Mother's milk and cookies sounds like it could have been used at our last episode, but it's
true.
It doesn't sound like the youth will like it as much.
Okay, stipulated, but the rest of them, I mean, my kids would be into something called
chewy cloud sour grape, I am sure.
So, follow you for more parenting tips.
Okay, so I agree with that. You know, some of the flavors like creme brulee, I don't know how kid-oriented that is,
but part of the problem is, is not all people grow out of childlike obsession with sugar, specifically me, I exist on sugar.
Like the sweeter the candy, the cookies, the dessert,
the more I want it.
When we embarrassingly go and shop for wine
and people ask what sort of-
You like a Moscato, don't you?
I love Moscato, it's my favorite.
I know you do, I know you do.
Okay, even worse, people will ask
what sort of Moscato you do. I know you do. I know you do. OK, even worse, people will ask what sort of Moscato you like.
Barefoot.
And I say, more cloying sugar, the better.
Right.
I want that cloying sugar taste.
I'm going to recommend to you Barefoot Pink Moscato.
No.
Amateur.
Barefoot Pink Moscato.
I've tried that.
It's not quite as sweet as I like it, which is cupcake Moscato.
Again, I don't do caffeine.
I do sugar.
And I love sugar.
OK.
Back to the e-cigarettes.
The question in this case is whether the FDA's denial
of authorization was arbitrary and capricious,
or instead, whether it was supported by the facts.
That question masks some very interesting background dynamics
in this case, and also some potential administrative law
issues that the court might decide to wade into.
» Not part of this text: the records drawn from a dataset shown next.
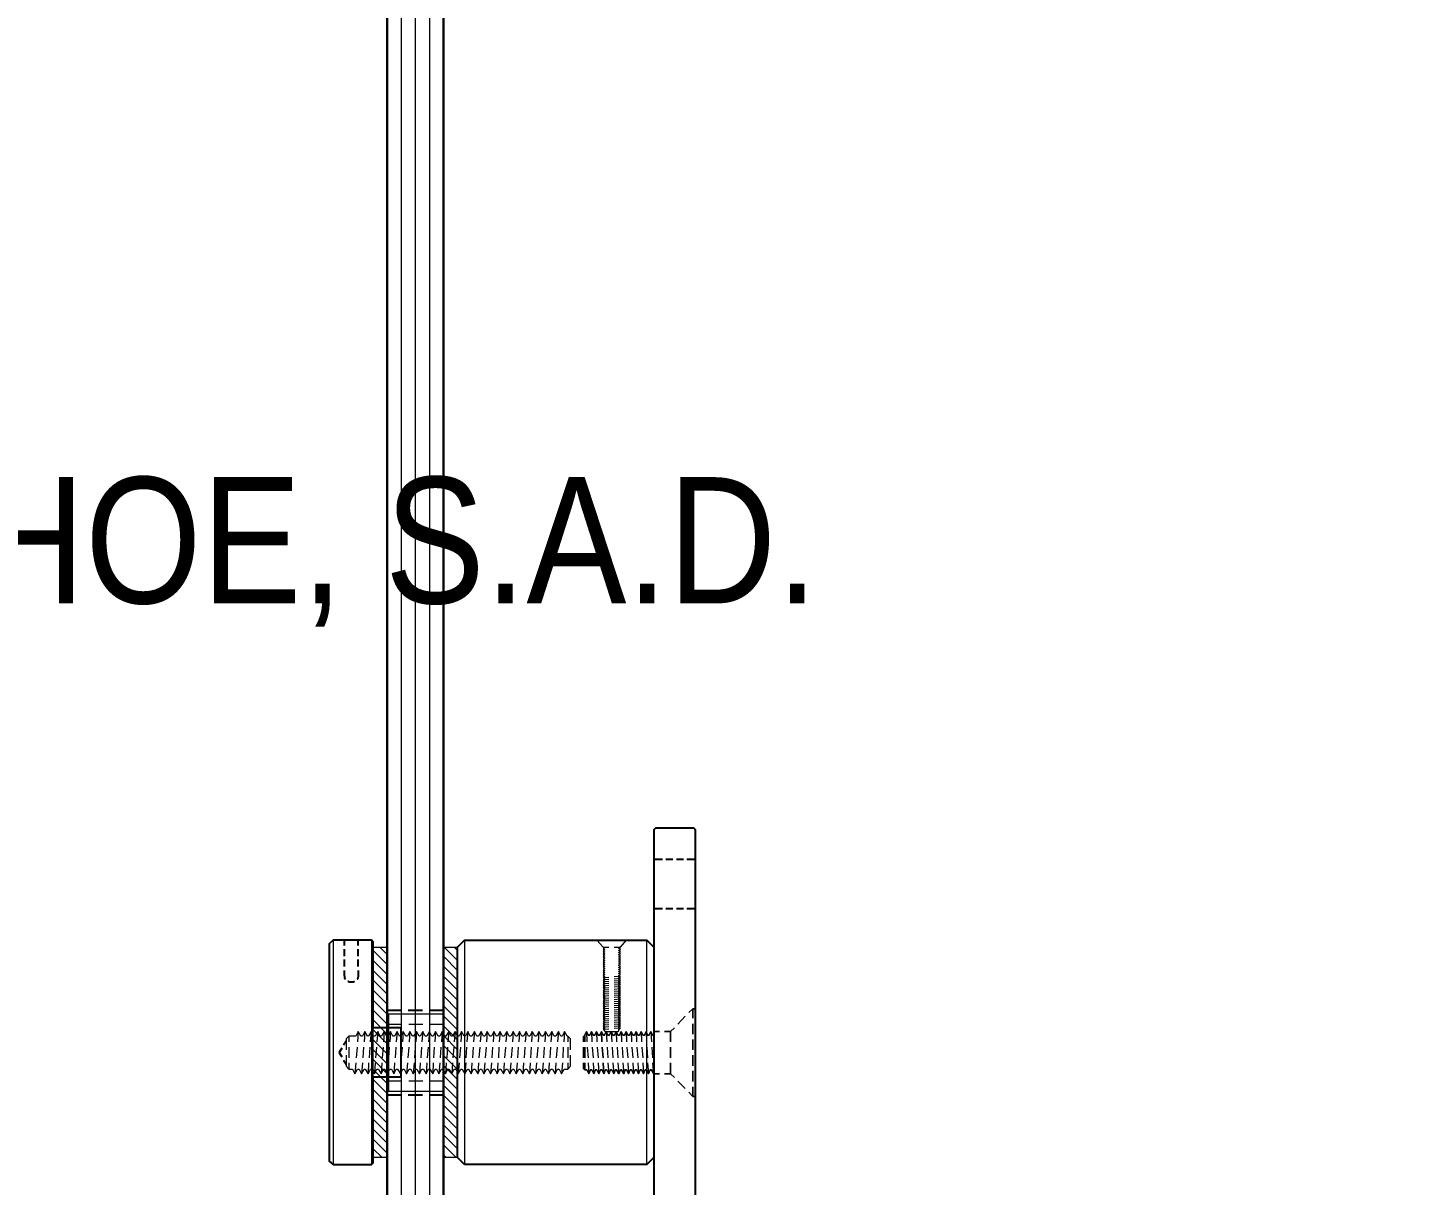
# Model space of a CAD drawing. Header units: inches. Extents: x -2661 to 42767, y -1222 to 9099.
# Drawn here: x 2313.48 to 2325.81, y 1864.49 to 1874.81 of the extents above; entities that cross this region are included whole.
import ezdxf
from ezdxf import colors
from ezdxf.entities.mleader import LeaderData, LeaderLine
from ezdxf.math import Vec2, Vec3

# ---------------------------------------------------------------- set-up
doc = ezdxf.new("R2010")
doc.units = ezdxf.units.IN
doc.header["$LTSCALE"] = 12
doc.header["$MEASUREMENT"] = 0
doc.layers.add('S-ANNO-NOTE', color=4, linetype='CONTINUOUS')
doc.layers.add('S-ARCH', color=1, linetype='CONTINUOUS')
doc.styles.add('Arial', font='arial.ttf', dxfattribs={"width": 0.85})

msp = doc.modelspace()

# ---------------------------------------------------------------- linework, layer by layer
at = {"layer": 'S-ARCH', "lineweight": 5}
for points in [[(2317.06512, 1886.68562), (2317.06512, 1857.66842)], [(2316.93982, 1886.59491), (2316.93982, 1857.66842)], [(2316.81453, 1886.50363), (2316.81453, 1857.66842)], [(2316.68924, 1866.45358), (2316.56395, 1866.57887)], [(2316.68924, 1866.54202), (2316.62291, 1866.60836)], [(2317.3157, 1866.49043), (2317.19778, 1866.60836)], [(2317.3157, 1866.57887), (2317.28622, 1866.60836)], [(2316.68924, 1866.36514), (2316.56395, 1866.49043)], [(2317.3157, 1866.40199), (2317.19041, 1866.52728)], [(2316.68924, 1866.2767), (2316.56395, 1866.40199)], [(2317.3157, 1866.31355), (2317.19041, 1866.43884)], [(2317.3157, 1866.22511), (2317.19041, 1866.3504)], [(2316.68924, 1866.18826), (2316.56395, 1866.31355)], [(2316.68924, 1866.09982), (2316.56395, 1866.22511)], [(2317.3157, 1866.13667), (2317.19041, 1866.26196)], [(2316.68924, 1866.01138), (2316.56395, 1866.13667)], [(2317.3157, 1866.04823), (2317.19041, 1866.17352)], [(2316.68924, 1865.92294), (2316.56395, 1866.04823)], [(2317.3157, 1865.95979), (2317.19041, 1866.08508)], [(2317.3157, 1865.87135), (2317.19041, 1865.99664)], [(2316.68924, 1865.83449), (2316.56395, 1865.95979)], [(2316.68924, 1865.74605), (2316.56395, 1865.87135)], [(2317.3157, 1865.7829), (2317.19041, 1865.9082)], [(2316.68924, 1865.65761), (2316.56395, 1865.7829)], [(2317.3157, 1865.69446), (2317.19041, 1865.81975)], [(2317.3157, 1865.60602), (2317.19041, 1865.73131)], [(2316.68924, 1865.56917), (2316.56395, 1865.69446)], [(2316.68924, 1865.48073), (2316.56395, 1865.60602)], [(2317.3157, 1865.51758), (2317.19041, 1865.64287)], [(2316.68924, 1865.39229), (2316.56395, 1865.51758)], [(2317.3157, 1865.42914), (2317.19041, 1865.55443)], [(2316.68924, 1865.30385), (2316.56395, 1865.42914)], [(2317.3157, 1865.3407), (2317.19041, 1865.46599)], [(2317.3157, 1865.25226), (2317.19041, 1865.37755)], [(2316.68924, 1865.21541), (2316.56395, 1865.3407)], [(2316.68924, 1865.12697), (2316.56395, 1865.25226)], [(2317.3157, 1865.16382), (2317.19041, 1865.28911)], [(2316.68924, 1865.03852), (2316.56395, 1865.16382)], [(2317.3157, 1865.07537), (2317.19041, 1865.20067)], [(2317.3157, 1864.98693), (2317.19041, 1865.11222)], [(2316.68924, 1864.95008), (2316.56395, 1865.07537)], [(2316.68924, 1864.86164), (2316.56395, 1864.98693)], [(2317.3157, 1864.89849), (2317.19041, 1865.02378)], [(2316.68924, 1864.7732), (2316.56395, 1864.89849)], [(2317.3157, 1864.81005), (2317.19041, 1864.93534)], [(2316.64502, 1864.73266), (2316.56395, 1864.81005)], [(2317.30464, 1864.73266), (2317.19041, 1864.8469)], [(2317.2162, 1864.73266), (2317.19041, 1864.75846)]]:
    msp.add_lwpolyline(points, dxfattribs=at)
at = {"layer": 'S-ARCH', "lineweight": 30}
msp.add_lwpolyline([(2316.68924, 1876.8066), (2316.68924, 1857.73107), (2316.75189, 1857.66842), (2317.12776, 1857.66842), (2317.19041, 1857.73107), (2317.19041, 1877.13835)], dxfattribs=at)
at = {"layer": 'S-ARCH', "lineweight": 25}
for points in [[(2319.42355, 1859.66941), (2319.43829, 1859.68415), (2319.43829, 1867.65491), (2319.42355, 1867.66965), (2319.08084, 1867.66965), (2319.0661, 1867.65491), (2319.0661, 1859.68415), (2319.08084, 1859.66941)], [(2316.56395, 1865.45125), (2316.81453, 1865.45125), (2316.81453, 1865.88977), (2316.56395, 1865.88977), (2316.56395, 1866.65258), (2316.54921, 1866.671), (2316.2065, 1866.671), (2316.17333, 1866.63784), (2316.17333, 1864.6995), (2316.2065, 1864.67002), (2316.54921, 1864.67002), (2316.56395, 1864.68476)], [(2317.37835, 1864.67002), (2317.3157, 1864.73266), (2317.3157, 1866.60836), (2317.37835, 1866.671), (2319.00345, 1866.671), (2319.0661, 1866.60836), (2319.0661, 1864.73266), (2319.00345, 1864.67002)]]:
    msp.add_lwpolyline(points, close=True, dxfattribs=at)
for points in [[(2319.14348, 1867.38959), (2319.0661, 1867.38959)], [(2319.23561, 1867.38959), (2319.17296, 1867.38959)], [(2319.33142, 1867.38959), (2319.26878, 1867.38959)], [(2319.43829, 1867.38959), (2319.3609, 1867.38959)], [(2319.14348, 1866.95106), (2319.0661, 1866.95106)], [(2319.23561, 1866.95106), (2319.17296, 1866.95106)], [(2319.33142, 1866.95106), (2319.26878, 1866.95106)], [(2319.43829, 1866.95106), (2319.3609, 1866.95106)], [(2316.306, 1866.671), (2316.306, 1866.6231)], [(2316.306, 1866.58993), (2316.306, 1866.52728)], [(2316.43129, 1866.6231), (2316.43129, 1866.66732)], [(2316.43129, 1866.52728), (2316.43129, 1866.58993)], [(2316.306, 1866.4978), (2316.306, 1866.43516)], [(2316.43129, 1866.43516), (2316.43129, 1866.4978)], [(2316.306, 1866.40199), (2316.306, 1866.35777), (2316.30968, 1866.34672), (2316.30968, 1866.33566), (2316.31705, 1866.32461)], [(2316.43129, 1866.40199), (2316.43129, 1866.35777), (2316.43129, 1866.34672), (2316.4276, 1866.33566), (2316.42392, 1866.32461), (2316.42023, 1866.32461)], [(2316.39812, 1866.3025), (2316.38707, 1866.29513), (2316.37601, 1866.29513), (2316.36496, 1866.29513), (2316.3539, 1866.29513), (2316.34285, 1866.3025), (2316.33916, 1866.3025)], [(2316.81453, 1866.04454), (2316.68924, 1866.04454), (2316.68924, 1865.88977)], [(2317.00247, 1866.04454), (2316.87718, 1866.04454)], [(2317.19041, 1865.88977), (2317.19041, 1866.04454), (2317.06512, 1866.04454)], [(2316.32442, 1865.77185), (2316.29863, 1865.735)], [(2316.68924, 1865.82712), (2316.68924, 1865.70183)], [(2317.19041, 1865.70183), (2317.19041, 1865.82712)], [(2316.28389, 1865.7092), (2316.26177, 1865.66867), (2316.28389, 1865.63182)], [(2316.29863, 1865.60234), (2316.32442, 1865.56549)], [(2316.68924, 1865.63919), (2316.68924, 1865.5139)], [(2317.19041, 1865.5139), (2317.19041, 1865.63919)], [(2316.68924, 1865.45125), (2316.68924, 1865.29279), (2316.81453, 1865.29279)], [(2317.06512, 1865.29279), (2317.19041, 1865.29279), (2317.19041, 1865.45125)], [(2316.87718, 1865.29279), (2317.00247, 1865.29279)]]:
    msp.add_lwpolyline(points, dxfattribs=at)
at = {"layer": 'S-ARCH', "lineweight": 9}
for points in [[(2316.2065, 1866.671), (2316.2065, 1864.67002)], [(2316.54921, 1866.671), (2316.54921, 1864.67002)], [(2317.37835, 1866.671), (2317.37835, 1864.67002)], [(2319.00345, 1864.67002), (2319.00345, 1866.671)]]:
    msp.add_lwpolyline(points, dxfattribs=at)
at = {"layer": 'S-ARCH', "lineweight": 20}
for points in [[(2316.56395, 1864.73266), (2316.56395, 1866.60836), (2316.68924, 1866.60836), (2316.68924, 1864.73266)], [(2317.19041, 1864.73266), (2317.19041, 1866.60836), (2317.3157, 1866.60836), (2317.3157, 1864.73266)], [(2317.19041, 1866.01138), (2316.7003, 1866.01138), (2316.7003, 1865.32596), (2317.19041, 1865.32596)]]:
    msp.add_lwpolyline(points, close=True, dxfattribs=at)
at = {"layer": 'S-ARCH', "lineweight": 13}
for points in [[(2318.66443, 1866.671), (2318.55756, 1866.671), (2318.61284, 1866.60836), (2318.62021, 1866.60836), (2318.62758, 1866.60467), (2318.62758, 1866.60099), (2318.61284, 1866.59361), (2318.62758, 1866.58624), (2318.62758, 1866.58256), (2318.61284, 1866.57519), (2318.62758, 1866.56782), (2318.62758, 1866.56413), (2318.61284, 1866.55676), (2318.62758, 1866.54939), (2318.62758, 1866.54571), (2318.61284, 1866.53834), (2318.62758, 1866.53097), (2318.62758, 1866.52728), (2318.61284, 1866.51991), (2318.62758, 1866.51254), (2318.62758, 1866.50886), (2318.61284, 1866.50149), (2318.62758, 1866.49412), (2318.62758, 1866.49043), (2318.61284, 1866.48306), (2318.62758, 1866.47569), (2318.62758, 1866.47201), (2318.61284, 1866.46464), (2318.62758, 1866.45727), (2318.62758, 1866.45358), (2318.61284, 1866.44621), (2318.62758, 1866.43884), (2318.62758, 1866.43516), (2318.61284, 1866.42779), (2318.62758, 1866.42042), (2318.62758, 1866.41673), (2318.61284, 1866.40936), (2318.62758, 1866.40199), (2318.62758, 1866.39831), (2318.61284, 1866.39094), (2318.62758, 1866.38357), (2318.62758, 1866.37988), (2318.61284, 1866.37251), (2318.62758, 1866.36514), (2318.62758, 1866.36146), (2318.61284, 1866.35409), (2318.62758, 1866.34672), (2318.62758, 1866.34303), (2318.61284, 1866.33566), (2318.62758, 1866.32829), (2318.62758, 1866.32461), (2318.61284, 1866.31724), (2318.62758, 1866.30987), (2318.62758, 1866.30618), (2318.61284, 1866.29881), (2318.62758, 1866.29144), (2318.62758, 1866.28776), (2318.61284, 1866.28039), (2318.62758, 1866.27302), (2318.62758, 1866.26933), (2318.61284, 1866.26196), (2318.62758, 1866.25459), (2318.62758, 1866.25091), (2318.61284, 1866.24354), (2318.62758, 1866.23617), (2318.62758, 1866.23248), (2318.61284, 1866.22511), (2318.62758, 1866.21774), (2318.62758, 1866.21405), (2318.61284, 1866.20668), (2318.62758, 1866.19931), (2318.62758, 1866.19563), (2318.61284, 1866.18826), (2318.62758, 1866.18089), (2318.62758, 1866.1772), (2318.61284, 1866.16983), (2318.62758, 1866.16246), (2318.62758, 1866.15878), (2318.61284, 1866.15141), (2318.62758, 1866.14404), (2318.62758, 1866.14035), (2318.61284, 1866.13298), (2318.62758, 1866.12561), (2318.62758, 1866.12193), (2318.61284, 1866.11456), (2318.62758, 1866.10719), (2318.62758, 1866.1035), (2318.61284, 1866.09613), (2318.62758, 1866.08876), (2318.62758, 1866.08508), (2318.61284, 1866.07771), (2318.62758, 1866.07034), (2318.62758, 1866.06665), (2318.61284, 1866.05928), (2318.62758, 1866.05191), (2318.62758, 1866.04823), (2318.61284, 1866.04086), (2318.62758, 1866.03349), (2318.62758, 1866.0298), (2318.61284, 1866.02243), (2318.62758, 1866.01506), (2318.62758, 1866.01138), (2318.61284, 1866.00401), (2318.62758, 1865.99664), (2318.62758, 1865.99295), (2318.61284, 1865.98558), (2318.62758, 1865.97821), (2318.62758, 1865.97453), (2318.61284, 1865.96716), (2318.62758, 1865.95979), (2318.62758, 1865.9561), (2318.61284, 1865.94873), (2318.62758, 1865.94136), (2318.62758, 1865.93768), (2318.61284, 1865.93031), (2318.62758, 1865.92294), (2318.62758, 1865.91925), (2318.61284, 1865.91188), (2318.62758, 1865.90451), (2318.62758, 1865.90083), (2318.61284, 1865.89346), (2318.62758, 1865.88609), (2318.62758, 1865.8824), (2318.61284, 1865.87503), (2318.62758, 1865.86766), (2318.62758, 1865.86398), (2318.63495, 1865.8566), (2318.7455, 1865.8566), (2318.75287, 1865.86398), (2318.75287, 1865.87872), (2318.76761, 1865.88609), (2318.75287, 1865.89346), (2318.75287, 1865.89714), (2318.76761, 1865.90451), (2318.75287, 1865.91188), (2318.75287, 1865.91557), (2318.76761, 1865.92294), (2318.75287, 1865.93031), (2318.75287, 1865.93399), (2318.76761, 1865.94136), (2318.75287, 1865.94873), (2318.75287, 1865.95242), (2318.76761, 1865.95979), (2318.75287, 1865.96716), (2318.75287, 1865.97084), (2318.76761, 1865.97821), (2318.75287, 1865.98558), (2318.75287, 1865.98927), (2318.76761, 1865.99664), (2318.75287, 1866.00401), (2318.75287, 1866.00769), (2318.76761, 1866.01506), (2318.75287, 1866.02243), (2318.75287, 1866.02612), (2318.76761, 1866.03349), (2318.75287, 1866.04086), (2318.75287, 1866.04454), (2318.76761, 1866.05191), (2318.75287, 1866.05928), (2318.75287, 1866.06297), (2318.76761, 1866.07034), (2318.75287, 1866.07771), (2318.75287, 1866.08139), (2318.76761, 1866.08876), (2318.75287, 1866.09613), (2318.75287, 1866.09982), (2318.76761, 1866.10719), (2318.75287, 1866.11456), (2318.75287, 1866.11824), (2318.76761, 1866.12561), (2318.75287, 1866.13298), (2318.75287, 1866.13667), (2318.76761, 1866.14404), (2318.75287, 1866.15141), (2318.75287, 1866.15509), (2318.76761, 1866.16246), (2318.75287, 1866.16983), (2318.75287, 1866.17352), (2318.76761, 1866.18089), (2318.75287, 1866.18826), (2318.75287, 1866.19194), (2318.76761, 1866.19931), (2318.75287, 1866.20668), (2318.75287, 1866.21037), (2318.76761, 1866.21774), (2318.75287, 1866.22511), (2318.75287, 1866.2288), (2318.76761, 1866.23617), (2318.75287, 1866.24354), (2318.75287, 1866.24722), (2318.76761, 1866.25459), (2318.75287, 1866.26196), (2318.75287, 1866.26565), (2318.76761, 1866.27302), (2318.75287, 1866.28039), (2318.75287, 1866.28407), (2318.76761, 1866.29144), (2318.75287, 1866.29881), (2318.75287, 1866.3025), (2318.76761, 1866.30987), (2318.75287, 1866.31724), (2318.75287, 1866.32092), (2318.76761, 1866.32829), (2318.75287, 1866.33566), (2318.75287, 1866.33935), (2318.76761, 1866.34672), (2318.75287, 1866.35409), (2318.75287, 1866.35777), (2318.76761, 1866.36514), (2318.75287, 1866.37251), (2318.75287, 1866.3762), (2318.76761, 1866.38357), (2318.75287, 1866.39094), (2318.75287, 1866.39462), (2318.76761, 1866.40199), (2318.75287, 1866.40936), (2318.75287, 1866.41305), (2318.76761, 1866.42042), (2318.75287, 1866.42779), (2318.75287, 1866.43147), (2318.76761, 1866.43884), (2318.75287, 1866.44621), (2318.75287, 1866.4499), (2318.76761, 1866.45727), (2318.75287, 1866.46464), (2318.75287, 1866.46832), (2318.76761, 1866.47569), (2318.75287, 1866.48306), (2318.75287, 1866.48675), (2318.76761, 1866.49412), (2318.75287, 1866.50149), (2318.75287, 1866.50517), (2318.76761, 1866.51254), (2318.75287, 1866.51991), (2318.75287, 1866.5236), (2318.76761, 1866.53097), (2318.75287, 1866.53834), (2318.75287, 1866.54202), (2318.76761, 1866.54939), (2318.75287, 1866.55676), (2318.75287, 1866.56045), (2318.76761, 1866.56782), (2318.75287, 1866.57519), (2318.75287, 1866.57887), (2318.76761, 1866.58624), (2318.75287, 1866.59361), (2318.75287, 1866.5973), (2318.76761, 1866.60467), (2318.76024, 1866.60836)], [(2318.61284, 1866.60836), (2318.66443, 1866.60836)], [(2318.71233, 1866.60836), (2318.76761, 1866.60836), (2318.82288, 1866.671), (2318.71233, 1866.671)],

So what's going on in the background of this case?
Well, one thing is that the FDA denied authorization
because it was concerned about particular flavors appealing
to kids, like this was Kate's concern just a moment ago.
But the reality is that what appeals to kids
also appeals to adults.
That's what Leah was saying, and that's
what prompted that whole Moscato interlude.
So there's really some question here
about the extent to which sugary slash sweet flavors are targeted
at minors or are uniquely appealing to minors
or whether they just appeal to everyone
with an undiscriminating palate?
Not you.
No, it is discriminating.
It's discriminating in favor of sugar.
But there's also some question about the relationship
between e-cigarettes and cigarettes and tobacco
and whether picking up an e-cigarette
makes someone more likely to smoke a cigarette or use
tobacco or less.
And those are some of the background factual issues
that might have affected or might affect an FDA
determination on this issue.
And the case also arises in the posture
of the change in administration.
So the Trump administration previously
took a more lenient or sympathetic approach
to e-cigarettes relative to the Biden administration.
I know you're surprised.
And if you think the science doesn't resolve the question
here, then you might be sympathetic to the idea
that politics or value judgments are a perfectly appropriate way
to come to a decision here.
But we shall see.
A few other things happening in this case.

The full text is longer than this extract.